§ **WHAT TO DO**
What is needed is an exact repetition of the lines from the first one in the data through the line with "(-282.8427, 282.8427), [])]", with no pictures.
=== Section Start ===
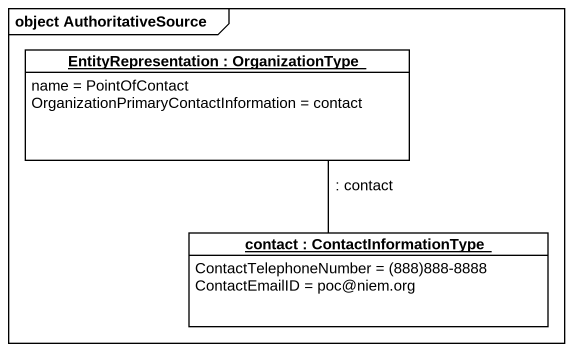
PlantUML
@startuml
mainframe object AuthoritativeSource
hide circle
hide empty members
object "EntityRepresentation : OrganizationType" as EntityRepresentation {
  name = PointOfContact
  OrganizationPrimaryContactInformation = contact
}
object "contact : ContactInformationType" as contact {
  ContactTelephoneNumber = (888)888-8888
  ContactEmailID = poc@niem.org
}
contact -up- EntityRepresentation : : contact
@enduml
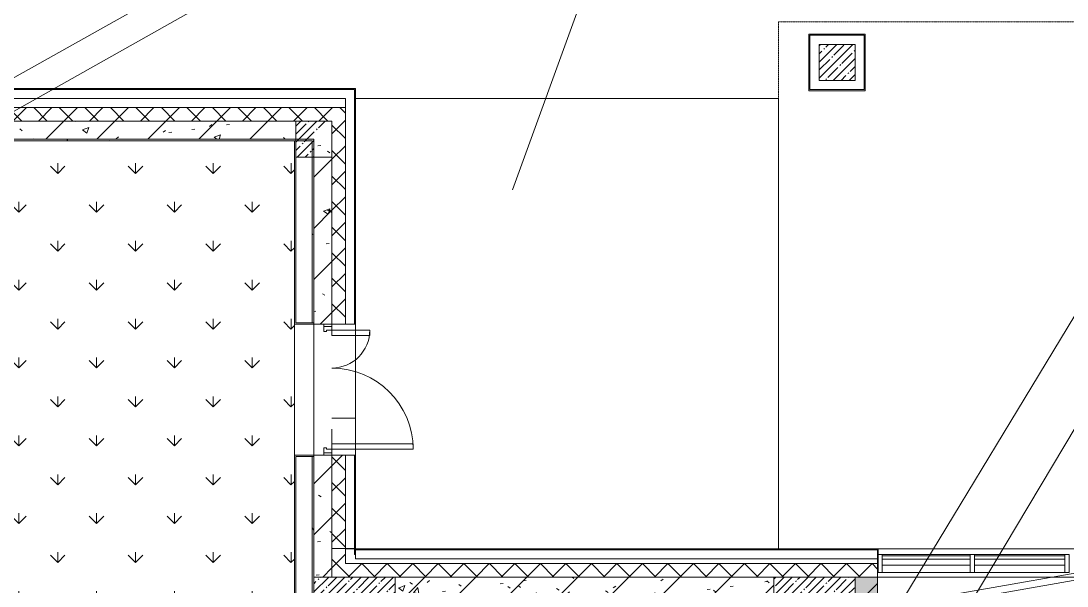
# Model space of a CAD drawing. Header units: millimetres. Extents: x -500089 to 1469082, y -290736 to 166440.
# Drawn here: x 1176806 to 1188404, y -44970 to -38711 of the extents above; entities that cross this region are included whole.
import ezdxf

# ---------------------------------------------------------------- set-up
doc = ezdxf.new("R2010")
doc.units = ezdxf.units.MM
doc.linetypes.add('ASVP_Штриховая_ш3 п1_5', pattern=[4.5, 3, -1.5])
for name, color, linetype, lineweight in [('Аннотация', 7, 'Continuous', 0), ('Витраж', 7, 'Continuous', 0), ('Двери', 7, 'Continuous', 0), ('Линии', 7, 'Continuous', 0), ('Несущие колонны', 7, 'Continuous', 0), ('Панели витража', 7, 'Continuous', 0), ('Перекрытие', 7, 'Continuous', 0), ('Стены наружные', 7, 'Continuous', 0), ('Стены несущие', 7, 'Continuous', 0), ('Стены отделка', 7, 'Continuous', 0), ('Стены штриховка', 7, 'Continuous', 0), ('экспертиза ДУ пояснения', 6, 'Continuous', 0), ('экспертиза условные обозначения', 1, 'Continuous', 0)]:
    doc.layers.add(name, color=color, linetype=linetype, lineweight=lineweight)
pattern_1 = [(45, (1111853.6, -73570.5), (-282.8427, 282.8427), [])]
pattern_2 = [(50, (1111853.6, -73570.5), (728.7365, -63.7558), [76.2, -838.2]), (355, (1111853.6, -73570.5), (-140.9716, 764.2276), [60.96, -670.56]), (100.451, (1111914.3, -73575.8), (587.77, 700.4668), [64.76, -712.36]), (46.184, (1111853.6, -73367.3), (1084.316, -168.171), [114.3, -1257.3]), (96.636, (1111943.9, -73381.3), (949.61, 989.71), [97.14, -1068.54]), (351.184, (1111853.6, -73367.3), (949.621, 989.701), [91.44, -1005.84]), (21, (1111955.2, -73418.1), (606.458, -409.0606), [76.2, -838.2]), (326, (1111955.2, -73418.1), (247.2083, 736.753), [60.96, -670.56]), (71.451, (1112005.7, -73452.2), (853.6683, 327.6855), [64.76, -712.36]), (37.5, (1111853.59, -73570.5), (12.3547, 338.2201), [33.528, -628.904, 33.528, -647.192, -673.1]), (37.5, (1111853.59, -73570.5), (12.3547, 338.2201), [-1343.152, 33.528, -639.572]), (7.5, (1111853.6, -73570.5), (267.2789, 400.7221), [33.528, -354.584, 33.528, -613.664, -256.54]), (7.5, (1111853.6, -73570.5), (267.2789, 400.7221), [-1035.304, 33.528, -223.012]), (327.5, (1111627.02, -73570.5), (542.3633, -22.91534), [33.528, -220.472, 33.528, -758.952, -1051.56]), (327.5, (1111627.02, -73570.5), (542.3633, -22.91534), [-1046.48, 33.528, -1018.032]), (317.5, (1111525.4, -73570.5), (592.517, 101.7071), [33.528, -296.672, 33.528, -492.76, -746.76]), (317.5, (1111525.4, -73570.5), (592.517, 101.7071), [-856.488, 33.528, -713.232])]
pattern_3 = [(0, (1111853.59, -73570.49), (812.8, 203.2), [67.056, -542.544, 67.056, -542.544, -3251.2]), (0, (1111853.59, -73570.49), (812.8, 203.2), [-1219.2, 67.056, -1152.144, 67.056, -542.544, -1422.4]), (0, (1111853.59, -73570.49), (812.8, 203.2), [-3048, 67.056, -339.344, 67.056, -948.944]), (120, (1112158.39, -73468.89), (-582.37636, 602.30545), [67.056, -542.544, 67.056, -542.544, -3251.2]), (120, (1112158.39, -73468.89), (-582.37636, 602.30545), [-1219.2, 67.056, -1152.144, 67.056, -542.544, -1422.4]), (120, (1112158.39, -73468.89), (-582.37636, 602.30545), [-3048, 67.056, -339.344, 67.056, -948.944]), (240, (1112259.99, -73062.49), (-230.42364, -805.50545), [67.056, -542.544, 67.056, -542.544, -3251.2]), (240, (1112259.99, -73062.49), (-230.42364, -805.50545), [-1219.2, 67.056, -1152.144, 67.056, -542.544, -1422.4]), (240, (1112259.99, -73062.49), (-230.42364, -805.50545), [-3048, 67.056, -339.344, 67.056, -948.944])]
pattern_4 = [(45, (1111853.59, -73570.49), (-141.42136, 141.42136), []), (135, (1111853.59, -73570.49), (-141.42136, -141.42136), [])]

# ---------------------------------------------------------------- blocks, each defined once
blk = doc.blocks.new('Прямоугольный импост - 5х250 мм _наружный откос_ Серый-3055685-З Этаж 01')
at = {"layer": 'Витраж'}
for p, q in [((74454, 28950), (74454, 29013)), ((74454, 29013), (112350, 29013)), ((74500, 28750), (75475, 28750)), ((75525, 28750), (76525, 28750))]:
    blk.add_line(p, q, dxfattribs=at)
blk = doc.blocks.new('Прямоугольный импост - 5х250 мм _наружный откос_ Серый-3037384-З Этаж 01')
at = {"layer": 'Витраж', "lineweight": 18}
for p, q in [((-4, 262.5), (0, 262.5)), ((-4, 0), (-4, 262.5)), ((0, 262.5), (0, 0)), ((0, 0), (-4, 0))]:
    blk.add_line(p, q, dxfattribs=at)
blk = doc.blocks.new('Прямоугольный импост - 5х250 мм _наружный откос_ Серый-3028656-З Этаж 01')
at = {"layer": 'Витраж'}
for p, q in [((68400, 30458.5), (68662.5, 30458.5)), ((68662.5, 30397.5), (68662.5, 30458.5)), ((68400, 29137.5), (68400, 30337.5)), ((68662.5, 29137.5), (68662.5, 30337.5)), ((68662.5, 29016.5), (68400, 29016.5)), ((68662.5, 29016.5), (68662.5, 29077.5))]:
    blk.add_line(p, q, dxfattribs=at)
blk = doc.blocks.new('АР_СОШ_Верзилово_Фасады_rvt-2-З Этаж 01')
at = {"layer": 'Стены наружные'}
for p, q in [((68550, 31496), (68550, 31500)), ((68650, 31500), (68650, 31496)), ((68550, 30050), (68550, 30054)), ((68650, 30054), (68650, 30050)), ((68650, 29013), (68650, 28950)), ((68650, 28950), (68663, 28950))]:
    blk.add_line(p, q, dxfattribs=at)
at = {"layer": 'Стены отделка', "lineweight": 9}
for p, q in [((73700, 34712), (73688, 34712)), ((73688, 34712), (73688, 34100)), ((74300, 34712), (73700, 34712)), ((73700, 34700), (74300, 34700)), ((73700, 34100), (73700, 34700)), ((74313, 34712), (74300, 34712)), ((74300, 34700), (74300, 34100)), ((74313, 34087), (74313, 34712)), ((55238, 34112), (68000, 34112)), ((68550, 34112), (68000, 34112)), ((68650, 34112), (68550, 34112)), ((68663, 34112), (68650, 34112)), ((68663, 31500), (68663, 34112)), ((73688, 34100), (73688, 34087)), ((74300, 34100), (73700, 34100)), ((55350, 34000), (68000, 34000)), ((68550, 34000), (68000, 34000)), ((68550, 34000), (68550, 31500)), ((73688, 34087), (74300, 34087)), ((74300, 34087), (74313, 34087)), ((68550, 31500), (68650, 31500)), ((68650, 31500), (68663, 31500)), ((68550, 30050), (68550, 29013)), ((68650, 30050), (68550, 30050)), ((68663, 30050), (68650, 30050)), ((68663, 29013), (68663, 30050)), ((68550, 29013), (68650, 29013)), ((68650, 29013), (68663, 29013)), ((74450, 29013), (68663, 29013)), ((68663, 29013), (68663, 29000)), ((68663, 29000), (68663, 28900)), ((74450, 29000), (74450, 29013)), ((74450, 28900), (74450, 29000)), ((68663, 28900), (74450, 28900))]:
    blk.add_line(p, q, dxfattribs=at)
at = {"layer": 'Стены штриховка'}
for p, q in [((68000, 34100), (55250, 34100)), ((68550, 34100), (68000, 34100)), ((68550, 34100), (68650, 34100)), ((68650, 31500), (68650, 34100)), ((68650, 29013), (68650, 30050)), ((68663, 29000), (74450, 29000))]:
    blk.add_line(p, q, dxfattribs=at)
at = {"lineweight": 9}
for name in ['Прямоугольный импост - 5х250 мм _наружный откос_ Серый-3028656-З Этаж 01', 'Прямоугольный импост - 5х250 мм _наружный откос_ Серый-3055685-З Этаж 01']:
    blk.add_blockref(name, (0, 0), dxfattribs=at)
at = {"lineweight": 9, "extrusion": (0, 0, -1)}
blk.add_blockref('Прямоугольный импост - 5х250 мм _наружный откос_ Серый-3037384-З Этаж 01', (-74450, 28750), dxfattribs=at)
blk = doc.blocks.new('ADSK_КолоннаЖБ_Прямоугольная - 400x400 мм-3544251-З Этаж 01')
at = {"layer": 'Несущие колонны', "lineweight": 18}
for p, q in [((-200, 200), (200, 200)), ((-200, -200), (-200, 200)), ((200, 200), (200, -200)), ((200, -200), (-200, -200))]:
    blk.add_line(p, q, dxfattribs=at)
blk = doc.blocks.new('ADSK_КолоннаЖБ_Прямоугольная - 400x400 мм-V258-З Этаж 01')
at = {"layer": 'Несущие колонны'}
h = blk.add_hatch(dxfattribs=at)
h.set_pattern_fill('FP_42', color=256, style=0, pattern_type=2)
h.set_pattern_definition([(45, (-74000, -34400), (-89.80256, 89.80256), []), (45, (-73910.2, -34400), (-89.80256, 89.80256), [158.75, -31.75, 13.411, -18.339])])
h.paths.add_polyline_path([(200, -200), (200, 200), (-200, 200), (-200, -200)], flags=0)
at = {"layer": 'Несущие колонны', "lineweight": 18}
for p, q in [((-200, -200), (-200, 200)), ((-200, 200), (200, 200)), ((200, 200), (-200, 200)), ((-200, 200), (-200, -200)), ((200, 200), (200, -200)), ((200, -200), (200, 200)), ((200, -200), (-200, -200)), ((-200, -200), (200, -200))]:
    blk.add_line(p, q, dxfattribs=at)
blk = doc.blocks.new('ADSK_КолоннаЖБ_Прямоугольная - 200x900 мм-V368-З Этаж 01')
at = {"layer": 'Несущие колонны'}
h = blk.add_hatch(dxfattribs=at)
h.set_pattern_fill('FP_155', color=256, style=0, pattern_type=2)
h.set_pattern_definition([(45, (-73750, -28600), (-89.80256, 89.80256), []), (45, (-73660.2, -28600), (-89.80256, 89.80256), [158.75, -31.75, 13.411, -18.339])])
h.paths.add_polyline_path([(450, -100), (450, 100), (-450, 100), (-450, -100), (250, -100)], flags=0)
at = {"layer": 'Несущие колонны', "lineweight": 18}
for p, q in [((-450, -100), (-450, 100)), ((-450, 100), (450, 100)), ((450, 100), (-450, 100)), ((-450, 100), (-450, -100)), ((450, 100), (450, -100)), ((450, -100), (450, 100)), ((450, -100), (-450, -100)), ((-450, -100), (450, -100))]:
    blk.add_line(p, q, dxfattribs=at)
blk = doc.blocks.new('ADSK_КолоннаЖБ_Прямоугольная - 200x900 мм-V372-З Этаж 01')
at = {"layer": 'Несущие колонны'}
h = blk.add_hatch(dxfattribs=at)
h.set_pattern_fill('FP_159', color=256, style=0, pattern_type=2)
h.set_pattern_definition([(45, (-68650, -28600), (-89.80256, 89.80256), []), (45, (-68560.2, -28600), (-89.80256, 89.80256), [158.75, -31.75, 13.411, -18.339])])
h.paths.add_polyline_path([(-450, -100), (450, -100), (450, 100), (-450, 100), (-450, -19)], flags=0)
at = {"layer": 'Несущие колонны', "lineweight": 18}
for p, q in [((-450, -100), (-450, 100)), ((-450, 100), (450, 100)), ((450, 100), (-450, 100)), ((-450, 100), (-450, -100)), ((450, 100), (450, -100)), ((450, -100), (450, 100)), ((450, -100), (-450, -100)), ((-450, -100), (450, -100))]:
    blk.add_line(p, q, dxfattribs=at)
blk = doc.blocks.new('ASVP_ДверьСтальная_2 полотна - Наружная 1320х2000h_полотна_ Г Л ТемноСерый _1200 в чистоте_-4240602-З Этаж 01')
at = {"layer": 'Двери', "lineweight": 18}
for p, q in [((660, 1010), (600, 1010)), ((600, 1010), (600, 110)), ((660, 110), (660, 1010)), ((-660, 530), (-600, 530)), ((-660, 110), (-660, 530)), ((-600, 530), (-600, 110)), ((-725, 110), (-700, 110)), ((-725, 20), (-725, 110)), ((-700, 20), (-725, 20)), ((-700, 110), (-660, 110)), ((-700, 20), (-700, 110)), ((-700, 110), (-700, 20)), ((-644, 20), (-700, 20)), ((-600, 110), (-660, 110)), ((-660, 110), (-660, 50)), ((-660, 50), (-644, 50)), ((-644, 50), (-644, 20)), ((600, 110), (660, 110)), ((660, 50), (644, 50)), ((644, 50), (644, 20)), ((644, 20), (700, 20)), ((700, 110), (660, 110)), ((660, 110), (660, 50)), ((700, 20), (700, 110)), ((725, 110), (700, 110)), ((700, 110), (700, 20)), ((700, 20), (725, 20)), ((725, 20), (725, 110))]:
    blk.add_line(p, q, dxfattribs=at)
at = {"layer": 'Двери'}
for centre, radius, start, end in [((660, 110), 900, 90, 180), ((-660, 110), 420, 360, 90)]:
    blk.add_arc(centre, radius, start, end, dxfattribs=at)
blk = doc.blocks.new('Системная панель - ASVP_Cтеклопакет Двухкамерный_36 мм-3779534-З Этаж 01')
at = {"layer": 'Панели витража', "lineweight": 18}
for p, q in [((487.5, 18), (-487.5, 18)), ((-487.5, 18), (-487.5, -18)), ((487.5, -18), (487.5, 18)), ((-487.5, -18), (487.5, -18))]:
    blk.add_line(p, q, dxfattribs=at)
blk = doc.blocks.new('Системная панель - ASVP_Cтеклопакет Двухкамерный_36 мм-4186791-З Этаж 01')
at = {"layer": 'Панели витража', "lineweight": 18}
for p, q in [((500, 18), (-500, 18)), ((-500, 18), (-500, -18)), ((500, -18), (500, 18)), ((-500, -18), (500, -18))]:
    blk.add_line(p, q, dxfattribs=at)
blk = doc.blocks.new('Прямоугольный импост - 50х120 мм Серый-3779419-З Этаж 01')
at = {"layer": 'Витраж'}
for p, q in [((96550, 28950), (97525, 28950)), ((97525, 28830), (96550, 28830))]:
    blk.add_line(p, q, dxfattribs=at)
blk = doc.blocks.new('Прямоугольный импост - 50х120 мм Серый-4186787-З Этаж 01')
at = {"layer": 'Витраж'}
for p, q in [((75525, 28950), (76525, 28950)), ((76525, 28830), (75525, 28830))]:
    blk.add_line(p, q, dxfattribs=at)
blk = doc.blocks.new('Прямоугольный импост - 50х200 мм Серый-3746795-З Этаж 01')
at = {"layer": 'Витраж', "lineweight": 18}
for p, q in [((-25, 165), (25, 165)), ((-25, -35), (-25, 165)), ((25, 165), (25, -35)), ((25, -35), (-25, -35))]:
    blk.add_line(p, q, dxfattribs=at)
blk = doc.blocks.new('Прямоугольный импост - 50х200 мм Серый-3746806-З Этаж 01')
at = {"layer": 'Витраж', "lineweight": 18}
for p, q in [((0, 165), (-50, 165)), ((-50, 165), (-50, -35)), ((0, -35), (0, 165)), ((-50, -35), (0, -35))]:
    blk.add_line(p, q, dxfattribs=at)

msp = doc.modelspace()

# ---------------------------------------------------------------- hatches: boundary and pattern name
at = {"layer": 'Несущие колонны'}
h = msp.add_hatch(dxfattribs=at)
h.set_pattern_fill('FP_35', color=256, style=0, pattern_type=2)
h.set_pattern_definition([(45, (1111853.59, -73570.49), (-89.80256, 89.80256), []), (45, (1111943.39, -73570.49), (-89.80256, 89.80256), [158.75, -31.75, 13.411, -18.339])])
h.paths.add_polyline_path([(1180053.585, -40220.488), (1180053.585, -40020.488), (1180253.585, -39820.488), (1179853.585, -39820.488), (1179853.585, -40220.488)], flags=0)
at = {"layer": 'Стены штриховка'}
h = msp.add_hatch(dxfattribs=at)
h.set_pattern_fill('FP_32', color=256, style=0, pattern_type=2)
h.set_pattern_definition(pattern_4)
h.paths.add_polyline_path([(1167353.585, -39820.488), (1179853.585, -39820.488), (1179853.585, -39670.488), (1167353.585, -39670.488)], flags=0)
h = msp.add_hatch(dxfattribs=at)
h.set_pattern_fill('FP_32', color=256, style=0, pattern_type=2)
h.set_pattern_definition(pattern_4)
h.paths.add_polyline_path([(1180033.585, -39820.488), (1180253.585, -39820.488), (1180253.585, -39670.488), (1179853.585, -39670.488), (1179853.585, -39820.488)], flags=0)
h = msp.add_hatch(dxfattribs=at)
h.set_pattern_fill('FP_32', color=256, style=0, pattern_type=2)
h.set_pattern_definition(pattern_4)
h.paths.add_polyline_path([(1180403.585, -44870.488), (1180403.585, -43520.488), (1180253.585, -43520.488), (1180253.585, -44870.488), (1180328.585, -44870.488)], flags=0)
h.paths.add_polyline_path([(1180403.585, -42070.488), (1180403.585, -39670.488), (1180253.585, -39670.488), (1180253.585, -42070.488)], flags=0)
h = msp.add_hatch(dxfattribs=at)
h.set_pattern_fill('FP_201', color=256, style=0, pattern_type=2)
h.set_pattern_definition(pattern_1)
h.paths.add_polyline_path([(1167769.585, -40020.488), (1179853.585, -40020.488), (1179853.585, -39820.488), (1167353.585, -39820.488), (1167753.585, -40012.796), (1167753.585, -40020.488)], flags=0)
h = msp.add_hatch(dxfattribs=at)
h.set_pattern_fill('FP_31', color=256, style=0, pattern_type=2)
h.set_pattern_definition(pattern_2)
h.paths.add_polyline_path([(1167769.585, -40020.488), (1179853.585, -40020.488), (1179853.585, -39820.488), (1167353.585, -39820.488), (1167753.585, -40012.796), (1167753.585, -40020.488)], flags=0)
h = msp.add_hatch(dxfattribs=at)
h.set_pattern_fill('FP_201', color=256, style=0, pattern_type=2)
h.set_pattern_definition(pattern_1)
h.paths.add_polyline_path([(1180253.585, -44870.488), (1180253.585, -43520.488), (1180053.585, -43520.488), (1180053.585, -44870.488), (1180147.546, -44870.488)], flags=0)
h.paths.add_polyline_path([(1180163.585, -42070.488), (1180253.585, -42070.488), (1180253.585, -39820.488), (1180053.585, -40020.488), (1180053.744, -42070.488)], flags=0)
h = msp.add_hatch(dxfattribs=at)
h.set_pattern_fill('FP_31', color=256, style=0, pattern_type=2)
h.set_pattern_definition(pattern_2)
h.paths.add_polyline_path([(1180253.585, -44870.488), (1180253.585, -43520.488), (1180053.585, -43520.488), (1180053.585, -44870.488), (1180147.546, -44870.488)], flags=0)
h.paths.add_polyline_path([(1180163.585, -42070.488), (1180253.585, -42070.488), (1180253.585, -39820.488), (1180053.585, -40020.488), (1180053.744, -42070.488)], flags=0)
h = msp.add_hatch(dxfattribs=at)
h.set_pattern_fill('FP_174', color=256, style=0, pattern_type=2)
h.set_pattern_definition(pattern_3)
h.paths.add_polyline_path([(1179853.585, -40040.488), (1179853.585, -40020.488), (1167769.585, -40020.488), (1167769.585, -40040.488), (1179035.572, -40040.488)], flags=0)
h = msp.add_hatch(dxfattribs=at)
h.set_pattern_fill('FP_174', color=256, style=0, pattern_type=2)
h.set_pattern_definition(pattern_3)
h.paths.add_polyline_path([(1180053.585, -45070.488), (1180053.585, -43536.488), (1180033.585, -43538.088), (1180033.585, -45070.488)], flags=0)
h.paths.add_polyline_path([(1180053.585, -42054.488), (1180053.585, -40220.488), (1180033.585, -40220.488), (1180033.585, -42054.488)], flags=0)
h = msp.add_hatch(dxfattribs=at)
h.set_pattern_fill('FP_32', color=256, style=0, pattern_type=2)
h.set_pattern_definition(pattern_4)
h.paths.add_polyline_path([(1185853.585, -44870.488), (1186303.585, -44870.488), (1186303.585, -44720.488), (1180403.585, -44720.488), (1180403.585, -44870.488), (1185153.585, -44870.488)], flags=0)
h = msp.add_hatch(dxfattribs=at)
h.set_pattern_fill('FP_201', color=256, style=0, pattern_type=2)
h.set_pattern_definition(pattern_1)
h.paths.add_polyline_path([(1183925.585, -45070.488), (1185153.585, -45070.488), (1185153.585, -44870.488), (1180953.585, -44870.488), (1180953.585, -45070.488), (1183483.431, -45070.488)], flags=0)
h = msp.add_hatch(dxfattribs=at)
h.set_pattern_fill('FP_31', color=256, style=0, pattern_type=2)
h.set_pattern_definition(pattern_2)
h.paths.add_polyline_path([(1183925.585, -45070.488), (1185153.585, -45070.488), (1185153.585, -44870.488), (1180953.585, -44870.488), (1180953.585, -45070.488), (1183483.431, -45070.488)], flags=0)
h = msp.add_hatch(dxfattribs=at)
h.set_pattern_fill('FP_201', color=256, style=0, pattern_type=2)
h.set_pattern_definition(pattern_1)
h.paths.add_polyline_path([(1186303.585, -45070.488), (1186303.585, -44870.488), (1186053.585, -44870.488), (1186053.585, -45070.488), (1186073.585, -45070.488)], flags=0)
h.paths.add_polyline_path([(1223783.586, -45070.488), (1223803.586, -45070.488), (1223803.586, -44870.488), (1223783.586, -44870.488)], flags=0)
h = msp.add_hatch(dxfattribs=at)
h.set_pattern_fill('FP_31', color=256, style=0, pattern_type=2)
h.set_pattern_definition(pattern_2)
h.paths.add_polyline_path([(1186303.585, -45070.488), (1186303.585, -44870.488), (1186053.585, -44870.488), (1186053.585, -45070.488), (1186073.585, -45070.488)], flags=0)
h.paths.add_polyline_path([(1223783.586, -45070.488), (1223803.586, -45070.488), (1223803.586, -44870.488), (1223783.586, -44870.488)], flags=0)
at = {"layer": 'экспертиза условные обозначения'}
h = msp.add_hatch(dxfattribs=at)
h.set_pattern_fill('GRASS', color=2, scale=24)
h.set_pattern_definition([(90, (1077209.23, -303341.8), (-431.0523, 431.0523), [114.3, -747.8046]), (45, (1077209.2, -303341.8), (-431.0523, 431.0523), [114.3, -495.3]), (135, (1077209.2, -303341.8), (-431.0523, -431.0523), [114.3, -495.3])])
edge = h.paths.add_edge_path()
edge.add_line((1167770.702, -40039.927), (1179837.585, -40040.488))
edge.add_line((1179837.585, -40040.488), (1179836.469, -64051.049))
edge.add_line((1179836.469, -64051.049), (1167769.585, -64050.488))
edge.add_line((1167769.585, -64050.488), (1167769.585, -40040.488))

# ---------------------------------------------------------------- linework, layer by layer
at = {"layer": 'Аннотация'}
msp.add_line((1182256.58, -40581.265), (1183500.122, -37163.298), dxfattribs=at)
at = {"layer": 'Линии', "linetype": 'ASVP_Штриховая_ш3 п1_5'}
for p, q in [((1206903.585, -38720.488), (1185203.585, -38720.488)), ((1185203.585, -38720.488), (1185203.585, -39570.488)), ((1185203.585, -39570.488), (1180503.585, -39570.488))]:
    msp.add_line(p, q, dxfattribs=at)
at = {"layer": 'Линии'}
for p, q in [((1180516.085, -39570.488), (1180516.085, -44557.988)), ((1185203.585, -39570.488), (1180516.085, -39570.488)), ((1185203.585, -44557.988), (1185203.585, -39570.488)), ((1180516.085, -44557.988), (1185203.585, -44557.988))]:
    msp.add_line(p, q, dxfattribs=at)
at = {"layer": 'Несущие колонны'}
=== Section End ===
§ **REPLY TO THE EXERCISE**
PlantUML
@startuml
mainframe object AuthoritativeSource
hide circle
hide empty members
object "EntityRepresentation : OrganizationType" as EntityRepresentation {
  name = PointOfContact
  OrganizationPrimaryContactInformation = contact
}
object "contact : ContactInformationType" as contact {
  ContactTelephoneNumber = (888)888-8888
  ContactEmailID = poc@niem.org
}
contact -up- EntityRepresentation : : contact
@enduml
# Model space of a CAD drawing. Header units: millimetres. Extents: x -500089 to 1469082, y -290736 to 166440.
# Drawn here: x 1176806 to 1188404, y -44970 to -38711 of the extents above; entities that cross this region are included whole.
import ezdxf

# ---------------------------------------------------------------- set-up
doc = ezdxf.new("R2010")
doc.units = ezdxf.units.MM
doc.linetypes.add('ASVP_Штриховая_ш3 п1_5', pattern=[4.5, 3, -1.5])
for name, color, linetype, lineweight in [('Аннотация', 7, 'Continuous', 0), ('Витраж', 7, 'Continuous', 0), ('Двери', 7, 'Continuous', 0), ('Линии', 7, 'Continuous', 0), ('Несущие колонны', 7, 'Continuous', 0), ('Панели витража', 7, 'Continuous', 0), ('Перекрытие', 7, 'Continuous', 0), ('Стены наружные', 7, 'Continuous', 0), ('Стены несущие', 7, 'Continuous', 0), ('Стены отделка', 7, 'Continuous', 0), ('Стены штриховка', 7, 'Continuous', 0), ('экспертиза ДУ пояснения', 6, 'Continuous', 0), ('экспертиза условные обозначения', 1, 'Continuous', 0)]:
    doc.layers.add(name, color=color, linetype=linetype, lineweight=lineweight)
pattern_1 = [(45, (1111853.6, -73570.5), (-282.8427, 282.8427), [])]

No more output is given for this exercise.